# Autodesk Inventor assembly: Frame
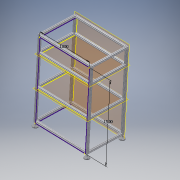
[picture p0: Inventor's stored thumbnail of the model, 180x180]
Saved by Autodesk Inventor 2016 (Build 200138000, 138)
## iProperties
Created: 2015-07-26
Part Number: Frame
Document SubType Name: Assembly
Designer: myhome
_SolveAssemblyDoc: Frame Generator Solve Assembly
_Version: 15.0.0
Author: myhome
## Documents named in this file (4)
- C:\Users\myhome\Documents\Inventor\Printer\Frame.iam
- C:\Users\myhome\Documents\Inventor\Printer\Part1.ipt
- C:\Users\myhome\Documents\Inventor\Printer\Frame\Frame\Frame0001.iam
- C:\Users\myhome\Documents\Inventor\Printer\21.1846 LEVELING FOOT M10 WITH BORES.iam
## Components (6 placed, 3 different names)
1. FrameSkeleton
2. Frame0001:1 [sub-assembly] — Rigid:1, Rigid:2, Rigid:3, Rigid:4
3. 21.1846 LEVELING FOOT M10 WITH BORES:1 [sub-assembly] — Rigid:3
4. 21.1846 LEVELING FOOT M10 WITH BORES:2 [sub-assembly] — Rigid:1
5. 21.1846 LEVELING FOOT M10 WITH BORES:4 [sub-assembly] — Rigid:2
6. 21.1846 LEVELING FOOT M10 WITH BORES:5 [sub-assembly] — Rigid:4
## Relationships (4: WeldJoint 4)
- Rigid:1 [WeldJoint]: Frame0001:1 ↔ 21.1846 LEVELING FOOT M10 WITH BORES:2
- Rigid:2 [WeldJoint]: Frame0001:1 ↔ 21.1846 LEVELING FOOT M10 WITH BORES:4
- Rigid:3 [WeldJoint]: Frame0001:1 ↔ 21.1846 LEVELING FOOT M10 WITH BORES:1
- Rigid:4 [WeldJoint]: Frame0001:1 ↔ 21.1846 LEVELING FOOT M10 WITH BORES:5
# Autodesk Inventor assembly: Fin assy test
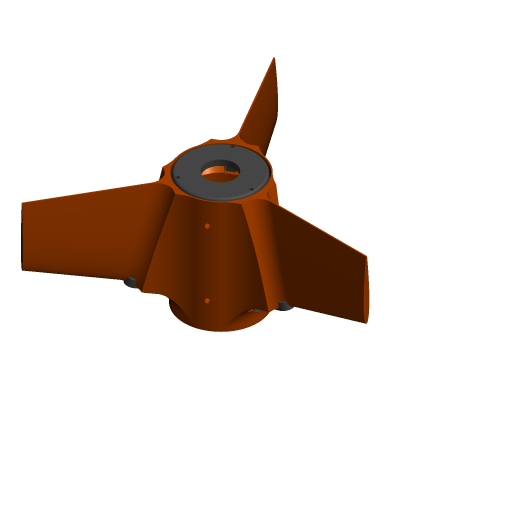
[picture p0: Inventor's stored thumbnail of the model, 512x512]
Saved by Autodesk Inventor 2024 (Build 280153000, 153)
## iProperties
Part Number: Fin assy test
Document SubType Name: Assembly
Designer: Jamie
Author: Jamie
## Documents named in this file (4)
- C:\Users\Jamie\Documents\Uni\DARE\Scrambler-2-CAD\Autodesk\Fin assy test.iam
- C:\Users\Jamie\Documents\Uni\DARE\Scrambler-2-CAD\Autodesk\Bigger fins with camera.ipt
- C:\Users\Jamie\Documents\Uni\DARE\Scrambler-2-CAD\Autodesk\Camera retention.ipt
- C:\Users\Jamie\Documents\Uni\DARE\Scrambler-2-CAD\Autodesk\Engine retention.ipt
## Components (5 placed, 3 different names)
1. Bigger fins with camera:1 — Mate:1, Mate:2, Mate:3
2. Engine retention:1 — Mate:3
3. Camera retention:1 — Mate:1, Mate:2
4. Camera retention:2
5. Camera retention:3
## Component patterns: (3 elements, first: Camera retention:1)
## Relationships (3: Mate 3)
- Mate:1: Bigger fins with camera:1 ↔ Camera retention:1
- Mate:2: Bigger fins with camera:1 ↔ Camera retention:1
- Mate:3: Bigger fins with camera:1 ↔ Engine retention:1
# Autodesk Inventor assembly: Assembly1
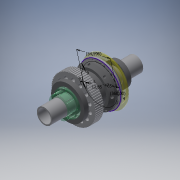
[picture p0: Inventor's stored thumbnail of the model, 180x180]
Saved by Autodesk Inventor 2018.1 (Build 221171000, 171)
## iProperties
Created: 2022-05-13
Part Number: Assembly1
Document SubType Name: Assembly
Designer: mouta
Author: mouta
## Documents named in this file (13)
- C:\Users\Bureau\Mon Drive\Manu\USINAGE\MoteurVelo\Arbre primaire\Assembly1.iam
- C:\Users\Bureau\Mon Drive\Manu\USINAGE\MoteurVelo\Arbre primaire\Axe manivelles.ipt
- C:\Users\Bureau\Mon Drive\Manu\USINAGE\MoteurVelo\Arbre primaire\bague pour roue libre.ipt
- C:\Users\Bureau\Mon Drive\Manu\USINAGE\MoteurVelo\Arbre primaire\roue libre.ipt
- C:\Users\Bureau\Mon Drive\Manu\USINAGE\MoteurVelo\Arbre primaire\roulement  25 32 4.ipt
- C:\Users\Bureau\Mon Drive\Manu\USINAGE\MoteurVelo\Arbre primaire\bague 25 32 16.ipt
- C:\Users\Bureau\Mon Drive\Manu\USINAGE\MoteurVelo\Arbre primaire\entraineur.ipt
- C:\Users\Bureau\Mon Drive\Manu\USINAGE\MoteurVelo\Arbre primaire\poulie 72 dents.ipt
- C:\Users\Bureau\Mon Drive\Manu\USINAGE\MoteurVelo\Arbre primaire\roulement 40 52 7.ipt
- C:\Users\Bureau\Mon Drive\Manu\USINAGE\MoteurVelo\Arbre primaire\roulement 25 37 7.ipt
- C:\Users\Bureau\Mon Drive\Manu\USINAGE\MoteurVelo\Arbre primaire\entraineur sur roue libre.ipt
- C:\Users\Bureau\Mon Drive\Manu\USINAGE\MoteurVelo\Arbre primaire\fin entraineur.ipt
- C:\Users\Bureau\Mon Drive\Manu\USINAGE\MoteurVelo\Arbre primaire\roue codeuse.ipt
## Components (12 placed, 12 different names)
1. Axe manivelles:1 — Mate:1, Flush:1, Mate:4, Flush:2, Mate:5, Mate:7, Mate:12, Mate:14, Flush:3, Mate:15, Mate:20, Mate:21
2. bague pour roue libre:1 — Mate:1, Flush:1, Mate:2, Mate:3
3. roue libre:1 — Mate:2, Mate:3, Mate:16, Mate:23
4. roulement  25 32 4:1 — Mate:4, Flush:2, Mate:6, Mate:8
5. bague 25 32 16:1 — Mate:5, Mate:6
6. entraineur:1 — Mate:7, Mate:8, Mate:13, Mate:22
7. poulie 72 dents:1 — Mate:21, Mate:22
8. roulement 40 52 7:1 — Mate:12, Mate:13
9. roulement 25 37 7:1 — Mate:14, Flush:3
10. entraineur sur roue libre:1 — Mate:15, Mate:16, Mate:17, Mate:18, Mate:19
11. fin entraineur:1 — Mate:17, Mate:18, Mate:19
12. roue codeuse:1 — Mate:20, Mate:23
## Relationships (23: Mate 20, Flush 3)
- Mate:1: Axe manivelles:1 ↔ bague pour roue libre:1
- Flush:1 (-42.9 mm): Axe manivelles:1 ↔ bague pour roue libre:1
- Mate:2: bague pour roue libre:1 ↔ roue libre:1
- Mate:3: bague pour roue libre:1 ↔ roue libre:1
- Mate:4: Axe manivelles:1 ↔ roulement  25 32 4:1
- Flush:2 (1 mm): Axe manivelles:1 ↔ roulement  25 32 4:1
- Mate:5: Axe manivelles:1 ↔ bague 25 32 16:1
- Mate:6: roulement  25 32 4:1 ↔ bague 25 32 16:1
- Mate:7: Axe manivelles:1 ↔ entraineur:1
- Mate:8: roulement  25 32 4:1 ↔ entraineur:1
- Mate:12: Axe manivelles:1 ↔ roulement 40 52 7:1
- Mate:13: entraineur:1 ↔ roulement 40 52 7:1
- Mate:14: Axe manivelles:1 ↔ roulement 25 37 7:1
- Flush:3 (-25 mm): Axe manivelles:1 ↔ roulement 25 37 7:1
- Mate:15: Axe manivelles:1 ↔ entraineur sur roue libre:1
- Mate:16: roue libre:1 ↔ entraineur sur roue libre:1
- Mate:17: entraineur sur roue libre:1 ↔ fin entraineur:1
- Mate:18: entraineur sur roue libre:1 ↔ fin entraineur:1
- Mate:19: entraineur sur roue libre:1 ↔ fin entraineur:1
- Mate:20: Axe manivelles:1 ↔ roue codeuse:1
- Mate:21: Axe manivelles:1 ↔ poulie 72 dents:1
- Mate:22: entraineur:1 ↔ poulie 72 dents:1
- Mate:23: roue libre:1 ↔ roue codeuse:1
--------
— PROBLEM TO SOLVE —
Only the lines from the one containing "Designer: myhome" through the one containing "3. 21.1846 LEVELING" are to be retyped, both boundary lines included, with no other material.

— OUTPUT BELOW —
Designer: myhome
_SolveAssemblyDoc: Frame Generator Solve Assembly
_Version: 15.0.0
Author: myhome
## Documents named in this file (4)
- C:\Users\myhome\Documents\Inventor\Printer\Frame.iam
- C:\Users\myhome\Documents\Inventor\Printer\Part1.ipt
- C:\Users\myhome\Documents\Inventor\Printer\Frame\Frame\Frame0001.iam
- C:\Users\myhome\Documents\Inventor\Printer\21.1846 LEVELING FOOT M10 WITH BORES.iam
## Components (6 placed, 3 different names)
1. FrameSkeleton
2. Frame0001:1 [sub-assembly] — Rigid:1, Rigid:2, Rigid:3, Rigid:4
3. 21.1846 LEVELING FOOT M10 WITH BORES:1 [sub-assembly] — Rigid:3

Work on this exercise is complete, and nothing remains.